According to The Times this morning, the TUC has backed a motion rejecting the EU constitution – amid fears that it could be resurrected in some form next year. Supported by the General Council delegates at the annual TUC conference also opposed the services directive, on the grounds that it would allow migrant workers to be paid in line with average wages in their own countries, triggering a "race to the bottom" for pay and conditions.
Although the focus is primarily on the constitution – and it is interesting how even the unions do not believe the thing is dead – unease over the EU spreads far wider than this specific issue.

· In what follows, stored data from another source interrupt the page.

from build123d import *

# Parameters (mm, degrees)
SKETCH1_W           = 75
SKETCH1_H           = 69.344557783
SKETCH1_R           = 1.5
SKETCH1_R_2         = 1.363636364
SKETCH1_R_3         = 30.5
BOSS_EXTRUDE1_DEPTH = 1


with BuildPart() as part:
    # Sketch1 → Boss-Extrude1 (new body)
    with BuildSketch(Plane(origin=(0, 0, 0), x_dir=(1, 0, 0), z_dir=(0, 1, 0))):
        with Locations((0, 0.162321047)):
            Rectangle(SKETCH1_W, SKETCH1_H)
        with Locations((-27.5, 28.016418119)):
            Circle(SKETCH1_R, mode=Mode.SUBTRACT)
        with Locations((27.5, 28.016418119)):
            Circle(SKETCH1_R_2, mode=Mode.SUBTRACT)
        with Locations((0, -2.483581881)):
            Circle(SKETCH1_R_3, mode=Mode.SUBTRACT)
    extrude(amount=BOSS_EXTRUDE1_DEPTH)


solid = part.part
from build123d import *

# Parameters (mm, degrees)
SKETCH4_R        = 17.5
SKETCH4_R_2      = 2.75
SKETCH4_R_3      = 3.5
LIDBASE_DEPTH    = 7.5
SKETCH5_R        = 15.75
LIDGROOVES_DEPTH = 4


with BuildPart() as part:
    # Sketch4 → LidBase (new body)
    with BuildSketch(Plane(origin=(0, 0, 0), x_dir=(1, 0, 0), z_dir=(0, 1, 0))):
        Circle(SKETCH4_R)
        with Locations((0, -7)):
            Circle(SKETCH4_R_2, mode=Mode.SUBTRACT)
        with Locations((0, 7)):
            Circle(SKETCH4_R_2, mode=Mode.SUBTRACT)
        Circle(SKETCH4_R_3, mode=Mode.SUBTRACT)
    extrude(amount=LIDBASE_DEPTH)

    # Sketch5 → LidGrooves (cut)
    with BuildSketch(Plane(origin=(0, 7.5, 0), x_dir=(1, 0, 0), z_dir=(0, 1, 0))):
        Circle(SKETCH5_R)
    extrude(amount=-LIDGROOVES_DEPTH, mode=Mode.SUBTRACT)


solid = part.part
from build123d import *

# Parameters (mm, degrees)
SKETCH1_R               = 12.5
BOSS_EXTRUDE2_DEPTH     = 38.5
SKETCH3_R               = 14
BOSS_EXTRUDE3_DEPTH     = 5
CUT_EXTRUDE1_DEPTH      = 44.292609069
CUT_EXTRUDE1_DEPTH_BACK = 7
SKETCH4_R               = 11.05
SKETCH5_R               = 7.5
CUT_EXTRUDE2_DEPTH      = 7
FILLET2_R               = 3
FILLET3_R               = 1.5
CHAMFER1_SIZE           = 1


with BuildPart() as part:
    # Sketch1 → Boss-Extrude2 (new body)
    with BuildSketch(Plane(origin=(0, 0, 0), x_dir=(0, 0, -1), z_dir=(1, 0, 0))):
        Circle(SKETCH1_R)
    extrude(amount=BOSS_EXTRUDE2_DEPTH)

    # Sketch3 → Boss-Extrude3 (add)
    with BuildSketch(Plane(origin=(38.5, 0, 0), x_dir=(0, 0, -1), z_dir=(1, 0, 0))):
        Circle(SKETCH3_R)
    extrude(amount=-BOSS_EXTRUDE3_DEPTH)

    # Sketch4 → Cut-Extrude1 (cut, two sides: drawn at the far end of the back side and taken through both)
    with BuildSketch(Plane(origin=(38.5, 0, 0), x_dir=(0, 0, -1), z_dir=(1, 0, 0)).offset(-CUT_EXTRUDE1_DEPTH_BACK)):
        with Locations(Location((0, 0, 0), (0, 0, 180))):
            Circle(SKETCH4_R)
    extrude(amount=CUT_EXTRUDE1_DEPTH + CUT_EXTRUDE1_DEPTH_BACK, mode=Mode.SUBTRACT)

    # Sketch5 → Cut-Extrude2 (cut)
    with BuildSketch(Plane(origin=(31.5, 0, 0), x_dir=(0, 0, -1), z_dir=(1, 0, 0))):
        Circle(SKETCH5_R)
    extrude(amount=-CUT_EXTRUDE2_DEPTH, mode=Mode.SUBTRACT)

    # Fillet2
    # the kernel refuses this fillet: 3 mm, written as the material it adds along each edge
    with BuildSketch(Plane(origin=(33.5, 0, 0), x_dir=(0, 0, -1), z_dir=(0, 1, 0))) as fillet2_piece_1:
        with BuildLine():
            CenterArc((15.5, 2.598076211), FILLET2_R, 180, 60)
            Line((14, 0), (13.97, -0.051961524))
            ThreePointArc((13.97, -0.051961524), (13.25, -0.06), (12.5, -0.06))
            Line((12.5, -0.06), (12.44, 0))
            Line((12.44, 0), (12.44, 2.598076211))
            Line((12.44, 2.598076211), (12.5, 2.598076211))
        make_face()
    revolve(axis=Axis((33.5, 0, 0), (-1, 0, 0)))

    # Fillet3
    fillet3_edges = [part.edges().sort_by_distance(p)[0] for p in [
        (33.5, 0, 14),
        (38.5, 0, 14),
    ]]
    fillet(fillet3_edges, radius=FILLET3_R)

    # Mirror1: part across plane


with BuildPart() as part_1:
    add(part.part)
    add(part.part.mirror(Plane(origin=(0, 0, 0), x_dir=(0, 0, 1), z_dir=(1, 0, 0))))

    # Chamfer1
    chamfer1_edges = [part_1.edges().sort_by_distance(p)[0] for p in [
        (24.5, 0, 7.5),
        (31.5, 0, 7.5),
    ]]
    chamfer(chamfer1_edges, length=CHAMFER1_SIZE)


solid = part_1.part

The sentiment is summed up by Bob Crow, general secretary of the RMT, who told the conference yesterday that a revived constitution would create "a European superstate that backs big business to privatise the services". He said that the majority of people did not want public services to be operated by the private sector and that their future should not be controlled by "an unaccountable central bank".
The Times sees this "new-found hostility to Europe" as a "further blow to ministers. Who are currently struggling to revive Britain’s ailing presidency of the EU".
Be that as it may, the fact of the matter is that the unions are simply reverting to type. They were, for instance, the main focus of opposition during the 1975 referendum campaign and it was only in 1988, at the behest of Jacques Delors – then president of the commission – that the TUC cast its weight behind the "project".
Interestingly, one driver behind the conversion was opposition to the Thatcherite privatisation agenda and a feeling that, in the absence of a Labour government, the EU would have to provide the counter-weight. Now that a Labour government is in power and has been so for over eight years, the traditional hostility to the EU has re-emerged.
However, those who might be tempted to cheer this development would be advised to be more cautious. It was the opposition of the unions and the Left that was instrumental in convincing the majority to support Britain's continued membership of the (then) EEC in 1975. By and large, union support is more a hindrance than asset to the Eurosceptic movement.
Nor can anything be inferred of the EU's politics from the TUC's opposition. Although privatisation – or "liberalisation" – may be central to the Commission's objectives, theirs is no Thatcherite agenda. The many woolly Tories who believe it is should recall that it is not necessary to own something to control it. Mere transfer of ownership, without transfer of control, does not amount to very much.
Thus while – particularly in the context of utilities such as the electricity supply industry – the EU may be seeking "liberalisation", its regulatory controls mean that that industries so "liberated" are far from free to chose their own destinies. In fact, what the programme is really all about is the detachment of essential industries from their national bases and their eventual reformation as trans-national entities, under the regulatory control of the EU. This is why, of course, the commission takes such an interest in cross-border mergers.
The TUC opposition to "privatisation", therefore, is almost certainly misplaced. To be intellectually consistent, the "brothers" should actually support the EU's agenda, as a bastion against what they consider to be the depredations of capitalism. Their newly resurgent opposition is – in their own terms – the wrong thing for the wrong reason. But then, whoever expected trades unions to be either consistent or intellectual?
Being neither, their current opposition to the EU is of little relevance and their conversion is no great assistance to the wider Eurosceptic cause.